*** Block opens ***
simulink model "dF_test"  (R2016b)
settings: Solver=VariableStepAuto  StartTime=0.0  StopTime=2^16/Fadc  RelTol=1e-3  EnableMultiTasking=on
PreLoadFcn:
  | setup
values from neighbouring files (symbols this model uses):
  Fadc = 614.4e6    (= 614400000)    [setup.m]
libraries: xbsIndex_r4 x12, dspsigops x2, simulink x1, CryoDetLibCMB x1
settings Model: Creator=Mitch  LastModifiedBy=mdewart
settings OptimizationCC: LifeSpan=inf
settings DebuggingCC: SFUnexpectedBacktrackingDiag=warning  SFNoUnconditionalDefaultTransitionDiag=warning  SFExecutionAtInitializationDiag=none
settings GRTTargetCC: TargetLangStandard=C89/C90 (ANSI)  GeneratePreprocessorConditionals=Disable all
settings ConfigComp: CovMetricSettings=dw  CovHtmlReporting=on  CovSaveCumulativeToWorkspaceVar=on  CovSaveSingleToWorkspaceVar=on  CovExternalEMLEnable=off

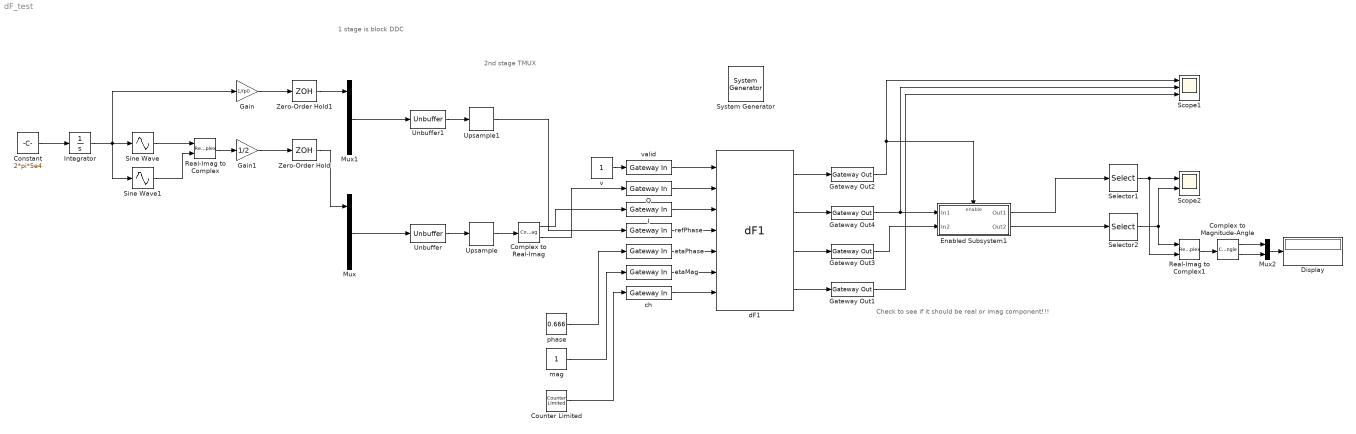
== system dF_test ==
  note: 2nd stage TMUX
  note: 1 stage is block DDC
  note: Check to see if it should be real or imag component!!!
  " System Generator" : xbsIndex_r4/ System Generator  Tag=genX  xilinxfamily=kintexu  part=xcku040  speed=-2-e  package=ffva1156  synthesis_tool=Vivado  clock_wrapper=Clock Enables  directory=./netlist  proj_type=Vivado  Synth_file=Vivado Synthesis Defaults  Impl_file=Vivado Implementation Defaults  testbench=off  simulink_period=2/Fadc  sysclk_period=2e9/Fadc  dcm_input_clock_period=10  incr_netlist=off  trim_vbits=Everywhere in SubSystem  dbl_ovrd=According to Block Masks  core_generation=According to Block Masks  run_coregen=off  deprecated_control=off  eval_field=0  block_type=sysgen
  Complex to Magnitude-Angle : ComplexToMagnitudeAngle
  Complex to Real-Imag : ComplexToRealImag
  Constant : Constant  Value=2*pi*5e4
  Counter Limited : simulink/Sources/Counter Limited  uplimit=127  tsamp=2/Fadc
  Display : Display
  Enabled Subsystem1 : Subsystem  TreatAsAtomicUnit=on
  Gain : Gain  Gain=1/(pi)
  Gain1 : Gain  Gain=1/2
  Gateway Out{1..4} (4 alike) : xbsIndex_r4/Gateway Out  inherit_from_input=off  hdl_port=on  rows=1  columns=1  UseAsDAC=off  DACChannel='1'  interface=None  automatic_assignment=on  address_offset=hex2dec('00')  intf_name=''  intf_description=''  timing_constraint=None  locs_specified=off  LOCs={}  io_standard={}  block_type=gatewayout
  I : xbsIndex_r4/Gateway In  gui_display_data_type=Fixed-point  arith_type="Signed  (2's comp)"  n_bits=18  bin_pt=16  preci_type=Single  exp_width=8  frac_width=24  rows=1  columns=1  quantization="Round  (unbiased: +/- Inf)"  overflow=Saturate  period=2/Fadc  UseAsADC=off  ADCChannel='1'  interface=None  automatic_assignment=on  address_offset=hex2dec('00')  intf_name=''  intf_description=''  default_value=0  timing_constraint=None  locs_specified=off  LOCs={}  io_standard={}  inherit_from_input=off  hdl_port=on  dbl_ovrd=off  block_type=gatewayin
  Integrator : Integrator
  Mux : Mux  Inputs=16
  Mux1 : Mux  Inputs=16
  Mux2 : Mux  Inputs=2
  Q : xbsIndex_r4/Gateway In  gui_display_data_type=Fixed-point  arith_type="Signed  (2's comp)"  n_bits=18  bin_pt=16  preci_type=Single  exp_width=8  frac_width=24  rows=1  columns=1  quantization="Round  (unbiased: +/- Inf)"  overflow=Saturate  period=2/Fadc  UseAsADC=off  ADCChannel='1'  interface=None  automatic_assignment=on  address_offset=hex2dec('00')  intf_name=''  intf_description=''  default_value=0  timing_constraint=None  locs_specified=off  LOCs={}  io_standard={}  inherit_from_input=off  hdl_port=on  dbl_ovrd=off  block_type=gatewayin
  Real-Imag to Complex : RealImagToComplex
  Real-Imag to Complex1 : RealImagToComplex
  Scope1 : Scope  NumInputPorts=3
  Scope2 : Scope  NumInputPorts=2
  Selector1 : Selector  InputPortWidth=128  IndexOptions=Index vector (dialog)  Indices=[1]  OutputSizes=1
  Selector2 : Selector  InputPortWidth=128  IndexOptions=Index vector (dialog)  Indices=[1]  OutputSizes=1
  Sine Wave : Sin  TimeSource=Use external signal  Phase=-pi/3  SampleTime=256/Fadc
  Sine Wave1 : Sin  TimeSource=Use external signal  Phase=-pi/2-pi/3  SampleTime=256/Fadc
  Unbuffer : Unbuffer  SampleBasedProcessing=Same as frame based
  Unbuffer1 : Unbuffer  SampleBasedProcessing=Same as frame based
  Upsample : dspsigops/Upsample  N=8  phase=0  RateOptions=Allow multirate processing  ic=0  mode=Unused parameter value
  Upsample1 : dspsigops/Upsample  N=8  phase=0  RateOptions=Allow multirate processing  ic=0  mode=Unused parameter value
  Zero-Order Hold : ZeroOrderHold  SampleTime=256/Fadc
  Zero-Order Hold1 : ZeroOrderHold  SampleTime=256/Fadc
  ch : xbsIndex_r4/Gateway In  gui_display_data_type=Fixed-point  arith_type=Unsigned  n_bits=7  bin_pt=0  preci_type=Single  exp_width=8  frac_width=24  rows=1  columns=1  quantization="Round  (unbiased: +/- Inf)"  overflow=Saturate  period=2/Fadc  UseAsADC=off  ADCChannel='1'  interface=None  automatic_assignment=on  address_offset=hex2dec('00')  intf_name=''  intf_description=''  default_value=0  timing_constraint=None  locs_specified=off  LOCs={}  io_standard={}  inherit_from_input=off  hdl_port=on  dbl_ovrd=off  block_type=gatewayin
  dF1 : CryoDetLibCMB/dF1
  etaMag : xbsIndex_r4/Gateway In  gui_display_data_type=Fixed-point  arith_type=Unsigned  n_bits=16  bin_pt=10  preci_type=Single  exp_width=8  frac_width=24  rows=1  columns=1  quantization="Round  (unbiased: +/- Inf)"  overflow=Saturate  period=2/Fadc  UseAsADC=off  ADCChannel='1'  interface=None  automatic_assignment=on  address_offset=hex2dec('00')  intf_name=''  intf_description=''  default_value=0  timing_constraint=None  locs_specified=off  LOCs={}  io_standard={}  inherit_from_input=off  hdl_port=on  dbl_ovrd=off  block_type=gatewayin
  etaPhase : xbsIndex_r4/Gateway In  gui_display_data_type=Fixed-point  arith_type="Signed  (2's comp)"  n_bits=16  bin_pt=15  preci_type=Single  exp_width=8  frac_width=24  rows=1  columns=1  quantization="Round  (unbiased: +/- Inf)"  overflow=Saturate  period=2/Fadc  UseAsADC=off  ADCChannel='1'  interface=None  automatic_assignment=on  address_offset=hex2dec('00')  intf_name=''  intf_description=''  default_value=0  timing_constraint=None  locs_specified=off  LOCs={}  io_standard={}  inherit_from_input=off  hdl_port=on  dbl_ovrd=off  block_type=gatewayin
  mag : Constant  SampleTime=2/Fadc
  phase : Constant  Value=0.666  SampleTime=2/Fadc
  refPhase : xbsIndex_r4/Gateway In  gui_display_data_type=Fixed-point  arith_type="Signed  (2's comp)"  n_bits=16  bin_pt=15  preci_type=Single  exp_width=8  frac_width=24  rows=1  columns=1  quantization="Round  (unbiased: +/- Inf)"  overflow=Wrap  period=2/Fadc  UseAsADC=off  ADCChannel='1'  interface=None  automatic_assignment=on  address_offset=hex2dec('00')  intf_name=''  intf_description=''  default_value=0  timing_constraint=None  locs_specified=off  LOCs={}  io_standard={}  inherit_from_input=off  hdl_port=on  dbl_ovrd=off  block_type=gatewayin
  v : Constant  SampleTime=2/Fadc
  valid : xbsIndex_r4/Gateway In  gui_display_data_type=Boolean  arith_type=Boolean  n_bits=18  bin_pt=15  preci_type=Single  exp_width=8  frac_width=24  rows=1  columns=1  quantization="Round  (unbiased: +/- Inf)"  overflow=Saturate  period=2/Fadc  UseAsADC=off  ADCChannel='1'  interface=None  automatic_assignment=on  address_offset=hex2dec('00')  intf_name=''  intf_description=''  default_value=0  timing_constraint=None  locs_specified=off  LOCs={}  io_standard={}  inherit_from_input=off  hdl_port=on  dbl_ovrd=off  block_type=gatewayin
  wires:
  Mux/1 -> Unbuffer/1
  Unbuffer/1 -> Upsample/1
  Counter Limited/1 -> ch/1
  Sine Wave/1 -> Real-Imag to Complex/1
  Real-Imag to Complex/1 -> Gain1/1
  Sine Wave1/1 -> Real-Imag to Complex/2
  dF1/3 -> Gateway Out3/1
  dF1/2 -> Gateway Out4/1
  dF1/1 -> Gateway Out2/1
  Gateway Out4/1 -> Enabled Subsystem1/1(In1), Scope1/2
  Enabled Subsystem1/1(Out1) -> Selector1/1
  Enabled Subsystem1/2(Out2) -> Selector2/1
  Selector1/1 -> Real-Imag to Complex1/2, Scope2/1
  Selector2/1 -> Real-Imag to Complex1/1, Scope2/2
  phase/1 -> etaPhase/1
  Zero-Order Hold/1 -> Mux/1
  Constant/1 -> Integrator/1
  Complex to Real-Imag/1 -> I/1
  Complex to Real-Imag/2 -> Q/1
  Mux1/1 -> Unbuffer1/1
  Unbuffer1/1 -> Upsample1/1
  Zero-Order Hold1/1 -> Mux1/1
  Integrator/1 -> Gain/1, Sine Wave1/1, Sine Wave/1
  Upsample/1 -> Complex to Real-Imag/1
  Gain/1 -> Zero-Order Hold1/1
  Upsample1/1 -> refPhase/1
  Gain1/1 -> Zero-Order Hold/1
  Real-Imag to Complex1/1 -> Complex to Magnitude-Angle/1
  Complex to Magnitude-Angle/1 -> Mux2/1
  Complex to Magnitude-Angle/2 -> Mux2/2
  Mux2/1 -> Display/1
  dF1/4 -> Gateway Out1/1
  Gateway Out1/1 -> Scope1/3
  I/1 -> dF1/3
  Q/1 -> dF1/2
  valid/1 -> dF1/1
  refPhase/1 -> dF1/4
  etaMag/1 -> dF1/6
  etaPhase/1 -> dF1/5
  ch/1 -> dF1/7
  v/1 -> valid/1
  mag/1 -> etaMag/1
  Gateway Out2/1 -> Enabled Subsystem1/Enable, Scope1/1
  Gateway Out3/1 -> Enabled Subsystem1/2(In2)

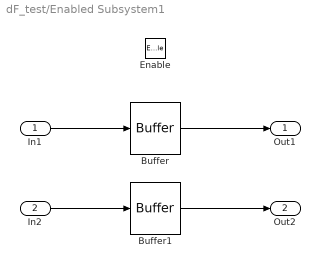
== system dF_test/Enabled Subsystem1 ==
  In1 : Inport
  In2 : Inport  Port=2
  Enable : EnablePort
  Buffer : Buffer  N=128  TreatMby1Signals=One channel  OutputFrames=off
  Buffer1 : Buffer  N=128  TreatMby1Signals=One channel  OutputFrames=off
  Out1 : Outport
  Out2 : Outport  Port=2
  wires:
  Buffer/1 -> Out1/1
  In1/1 -> Buffer/1
  Buffer1/1 -> Out2/1
  In2/1 -> Buffer1/1
*** Block closes ***
If a line in the entries above contains "Unused", report it.

  Upsample : dspsigops/Upsample  N=8  phase=0  RateOptions=Allow multirate processing  ic=0  mode=Unused parameter value
  Upsample1 : dspsigops/Upsample  N=8  phase=0  RateOptions=Allow multirate processing  ic=0  mode=Unused parameter value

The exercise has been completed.